Depicted are individual connections of positions 6 or 1′ in those instances, where the most prominent combinatory amino acid identity correlations between positions 6 and 1′ are excluded as indicated (ex.). In these instances single amino acid positions correlate with distinct nucleotide preferences in S and P elements, respectively. For the S elements non-random distributions are found at positions 6 and 1′, for the P elements only at position 1′. The most prominent combinatory amino acid – nucleotide identity correlations which are excluded here have been identified previously (8–10).
Figure 6.
Prediction of nucleotide target sequences for MEF11 and the novel RNA editing PPR protein MEF32.
(A) For MEF11 (At4g14850), the RNA editing sites ranked at positions 1, 2 and 3 out of 430 sites have been previously identified as target sites (shaded light blue) [17]. When we analysed all 20 top ranked editing sites in a MEF11 mutant, sites ranked 10, 14 and 17 turned out to be also targets of MEF11 (shaded yellow). (B) Target sequence predictions for the previously unassigned mitochondrial RNA editing factor encoded by At4g14170 are shown for the top ranked twenty sites. When we investigated these in a T-DNA mutant of the gene At4g14170, the three top ranked sites were identified as bona fide targets, at these nucleotides editing is absent in the mutant. This locus has been accordingly renamed to indicate that it codes for the novel RNA editing protein MEF32. The respective top parts in panels A and B show the PPR motifs considered (shaded light green; including the L2 and S2 elements) and their alignment to nucleotide positions which are counted 3′ to 5′ from the edited C (from right to left, −4 to −17 and −4 to −13, respectively). Amino acid identities at positions 6 and 1′ are given (shaded blue) and the respective scores are shown. In the box below, the locations of the top twenty ranked sites are indicated and the assigned specificity factor is given for experimentally confirmed targets, here MEF11 or MEF32. For each repeat the score at each site is given (shaded ocre with the color intensity reflecting the score) and the p-value of FIMO progaram as shown in the far right column is used for the ranking.
Figure 7.
Inclusion of L, L2 and S2 repeats generally improves the prediction accuracy of RNA editing targets.

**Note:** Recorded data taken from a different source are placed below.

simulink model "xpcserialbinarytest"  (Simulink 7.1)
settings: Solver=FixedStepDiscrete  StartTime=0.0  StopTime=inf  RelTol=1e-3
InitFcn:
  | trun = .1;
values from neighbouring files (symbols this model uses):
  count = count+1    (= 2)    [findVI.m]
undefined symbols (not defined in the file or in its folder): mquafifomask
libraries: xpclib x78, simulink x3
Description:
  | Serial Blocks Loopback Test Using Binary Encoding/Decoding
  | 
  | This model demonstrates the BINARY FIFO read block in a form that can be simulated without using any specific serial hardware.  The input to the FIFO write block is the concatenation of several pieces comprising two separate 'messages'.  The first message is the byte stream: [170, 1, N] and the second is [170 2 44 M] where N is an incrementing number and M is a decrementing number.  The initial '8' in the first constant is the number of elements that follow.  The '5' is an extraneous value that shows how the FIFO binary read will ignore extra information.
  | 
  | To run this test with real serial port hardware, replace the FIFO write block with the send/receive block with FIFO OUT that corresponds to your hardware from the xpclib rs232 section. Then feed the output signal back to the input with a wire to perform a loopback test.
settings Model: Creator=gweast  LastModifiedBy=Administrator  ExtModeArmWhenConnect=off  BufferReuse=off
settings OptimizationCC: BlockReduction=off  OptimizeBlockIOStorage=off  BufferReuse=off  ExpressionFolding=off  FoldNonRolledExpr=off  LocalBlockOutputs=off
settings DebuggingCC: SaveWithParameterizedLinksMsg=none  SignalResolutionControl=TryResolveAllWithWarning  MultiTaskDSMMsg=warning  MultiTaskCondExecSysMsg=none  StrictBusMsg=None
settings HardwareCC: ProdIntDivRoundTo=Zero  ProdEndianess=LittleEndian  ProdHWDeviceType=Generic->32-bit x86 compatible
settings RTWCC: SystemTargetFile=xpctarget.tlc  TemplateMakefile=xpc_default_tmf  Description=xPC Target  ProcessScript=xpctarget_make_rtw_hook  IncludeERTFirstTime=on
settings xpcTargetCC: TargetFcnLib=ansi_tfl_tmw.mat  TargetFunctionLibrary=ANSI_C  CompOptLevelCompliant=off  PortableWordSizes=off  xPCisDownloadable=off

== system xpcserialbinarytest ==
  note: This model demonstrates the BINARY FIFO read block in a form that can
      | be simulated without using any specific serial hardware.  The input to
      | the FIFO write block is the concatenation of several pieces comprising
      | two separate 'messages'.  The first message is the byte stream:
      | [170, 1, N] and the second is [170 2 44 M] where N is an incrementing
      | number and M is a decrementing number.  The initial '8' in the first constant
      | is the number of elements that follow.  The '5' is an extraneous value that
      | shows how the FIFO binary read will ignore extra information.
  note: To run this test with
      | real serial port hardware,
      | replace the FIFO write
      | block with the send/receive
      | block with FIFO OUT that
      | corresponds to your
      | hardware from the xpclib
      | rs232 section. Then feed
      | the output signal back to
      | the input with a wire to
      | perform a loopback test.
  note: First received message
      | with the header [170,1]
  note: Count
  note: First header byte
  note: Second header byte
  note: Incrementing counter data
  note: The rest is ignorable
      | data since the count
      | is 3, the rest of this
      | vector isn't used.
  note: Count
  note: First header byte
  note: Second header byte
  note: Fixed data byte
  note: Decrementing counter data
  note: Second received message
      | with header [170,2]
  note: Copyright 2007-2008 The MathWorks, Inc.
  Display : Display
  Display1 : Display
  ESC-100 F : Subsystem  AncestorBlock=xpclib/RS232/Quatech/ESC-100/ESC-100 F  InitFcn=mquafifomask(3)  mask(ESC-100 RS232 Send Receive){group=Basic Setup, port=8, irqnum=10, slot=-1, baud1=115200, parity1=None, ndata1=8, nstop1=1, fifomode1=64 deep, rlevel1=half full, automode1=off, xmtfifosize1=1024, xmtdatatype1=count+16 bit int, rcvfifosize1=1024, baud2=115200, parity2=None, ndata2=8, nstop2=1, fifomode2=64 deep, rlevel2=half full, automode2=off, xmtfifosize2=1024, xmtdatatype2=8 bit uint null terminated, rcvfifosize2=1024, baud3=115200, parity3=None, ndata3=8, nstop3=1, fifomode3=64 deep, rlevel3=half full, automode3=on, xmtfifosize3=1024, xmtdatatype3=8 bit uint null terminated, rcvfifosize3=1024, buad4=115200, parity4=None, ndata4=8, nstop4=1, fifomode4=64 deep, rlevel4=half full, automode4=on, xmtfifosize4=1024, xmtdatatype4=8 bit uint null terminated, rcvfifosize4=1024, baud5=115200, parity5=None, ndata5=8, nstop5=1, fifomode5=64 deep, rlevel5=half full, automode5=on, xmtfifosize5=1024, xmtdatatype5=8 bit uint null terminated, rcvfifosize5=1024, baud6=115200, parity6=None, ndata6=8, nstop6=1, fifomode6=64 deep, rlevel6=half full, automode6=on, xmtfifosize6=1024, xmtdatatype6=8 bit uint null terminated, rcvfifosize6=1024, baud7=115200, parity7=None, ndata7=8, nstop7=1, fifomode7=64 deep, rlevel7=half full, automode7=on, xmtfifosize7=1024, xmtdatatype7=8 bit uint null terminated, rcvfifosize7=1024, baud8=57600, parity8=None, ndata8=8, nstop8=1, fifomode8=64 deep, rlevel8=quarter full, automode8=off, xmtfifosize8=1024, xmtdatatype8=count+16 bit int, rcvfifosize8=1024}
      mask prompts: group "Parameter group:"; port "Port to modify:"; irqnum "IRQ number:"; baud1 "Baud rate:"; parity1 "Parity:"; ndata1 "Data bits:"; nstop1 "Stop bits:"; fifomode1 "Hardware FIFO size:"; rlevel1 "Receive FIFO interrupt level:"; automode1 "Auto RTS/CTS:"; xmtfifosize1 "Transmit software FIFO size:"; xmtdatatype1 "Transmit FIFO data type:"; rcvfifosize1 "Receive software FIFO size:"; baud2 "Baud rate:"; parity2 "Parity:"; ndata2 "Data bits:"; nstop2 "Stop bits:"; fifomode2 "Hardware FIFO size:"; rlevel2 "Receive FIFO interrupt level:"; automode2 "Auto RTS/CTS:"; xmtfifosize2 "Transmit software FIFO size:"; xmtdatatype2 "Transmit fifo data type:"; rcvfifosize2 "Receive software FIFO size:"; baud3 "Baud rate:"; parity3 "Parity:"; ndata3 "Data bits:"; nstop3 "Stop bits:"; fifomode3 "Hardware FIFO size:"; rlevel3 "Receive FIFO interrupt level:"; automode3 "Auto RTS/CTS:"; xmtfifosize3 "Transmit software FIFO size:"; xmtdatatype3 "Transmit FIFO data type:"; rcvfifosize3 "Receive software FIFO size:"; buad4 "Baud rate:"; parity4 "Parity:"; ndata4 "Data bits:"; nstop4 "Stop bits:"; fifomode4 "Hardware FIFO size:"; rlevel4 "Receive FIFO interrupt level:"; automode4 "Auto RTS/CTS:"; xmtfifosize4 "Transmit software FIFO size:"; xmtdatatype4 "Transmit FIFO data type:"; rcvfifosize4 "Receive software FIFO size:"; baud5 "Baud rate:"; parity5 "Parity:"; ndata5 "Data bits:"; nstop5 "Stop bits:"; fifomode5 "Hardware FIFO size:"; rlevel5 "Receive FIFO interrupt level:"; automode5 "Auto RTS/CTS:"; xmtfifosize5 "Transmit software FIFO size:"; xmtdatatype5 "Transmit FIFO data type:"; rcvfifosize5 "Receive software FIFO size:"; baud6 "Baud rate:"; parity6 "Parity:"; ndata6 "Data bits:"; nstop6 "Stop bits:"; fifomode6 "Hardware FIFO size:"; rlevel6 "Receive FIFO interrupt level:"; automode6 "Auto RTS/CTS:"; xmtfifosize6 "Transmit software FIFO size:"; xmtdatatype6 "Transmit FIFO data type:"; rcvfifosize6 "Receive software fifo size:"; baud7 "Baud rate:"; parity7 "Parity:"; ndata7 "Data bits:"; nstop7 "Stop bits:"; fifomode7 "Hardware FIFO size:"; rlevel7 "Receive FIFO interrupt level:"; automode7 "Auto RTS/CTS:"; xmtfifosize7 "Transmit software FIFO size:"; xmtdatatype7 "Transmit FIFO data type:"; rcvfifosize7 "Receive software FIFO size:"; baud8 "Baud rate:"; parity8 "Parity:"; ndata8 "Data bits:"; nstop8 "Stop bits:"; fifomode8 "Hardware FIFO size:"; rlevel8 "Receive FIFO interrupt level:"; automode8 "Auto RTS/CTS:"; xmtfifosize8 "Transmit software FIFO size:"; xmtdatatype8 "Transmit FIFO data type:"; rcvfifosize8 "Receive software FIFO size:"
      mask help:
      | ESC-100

Although the bona fide target sites are listed in the top ranks even without including the L, L2 and S2 repeats, their consideration mostly improves the prediction accuracy if only slightly. This suggests that these repeats also connect to target RNA sequences. Shown here are only the data for Arabidopsis. For Physcomitrella mitochondria, prediction ranks target sites always at the top, but then there are only very few editing sites in this moss (Figure S3). (A) Prediction of the target sites for the known chloroplast editing factors finds the identified targets within the top ranks out of the 34 RNA editing sites in chloroplasts of Arabidopsis. Prediction from only the P and S repeats (□) is usually sufficient, but inclusion of the L, L2 and S2 elements (•) often improves the ranking. (B) Analogous improvements of the predictions are seen within the 430 editing sites considered for mitochondrial PPR proteins. In a few instances the predicted PPR-RNA interaction drops in rank when the L, L2 and S2 elements are included (e.g. the targets of MEF18 and MEF19; further details are given in Figure S3). The nad6-95 target site of MEF8 (asterisk) cannot be ranked since the p-value is >1 in the FIMO program evaluation.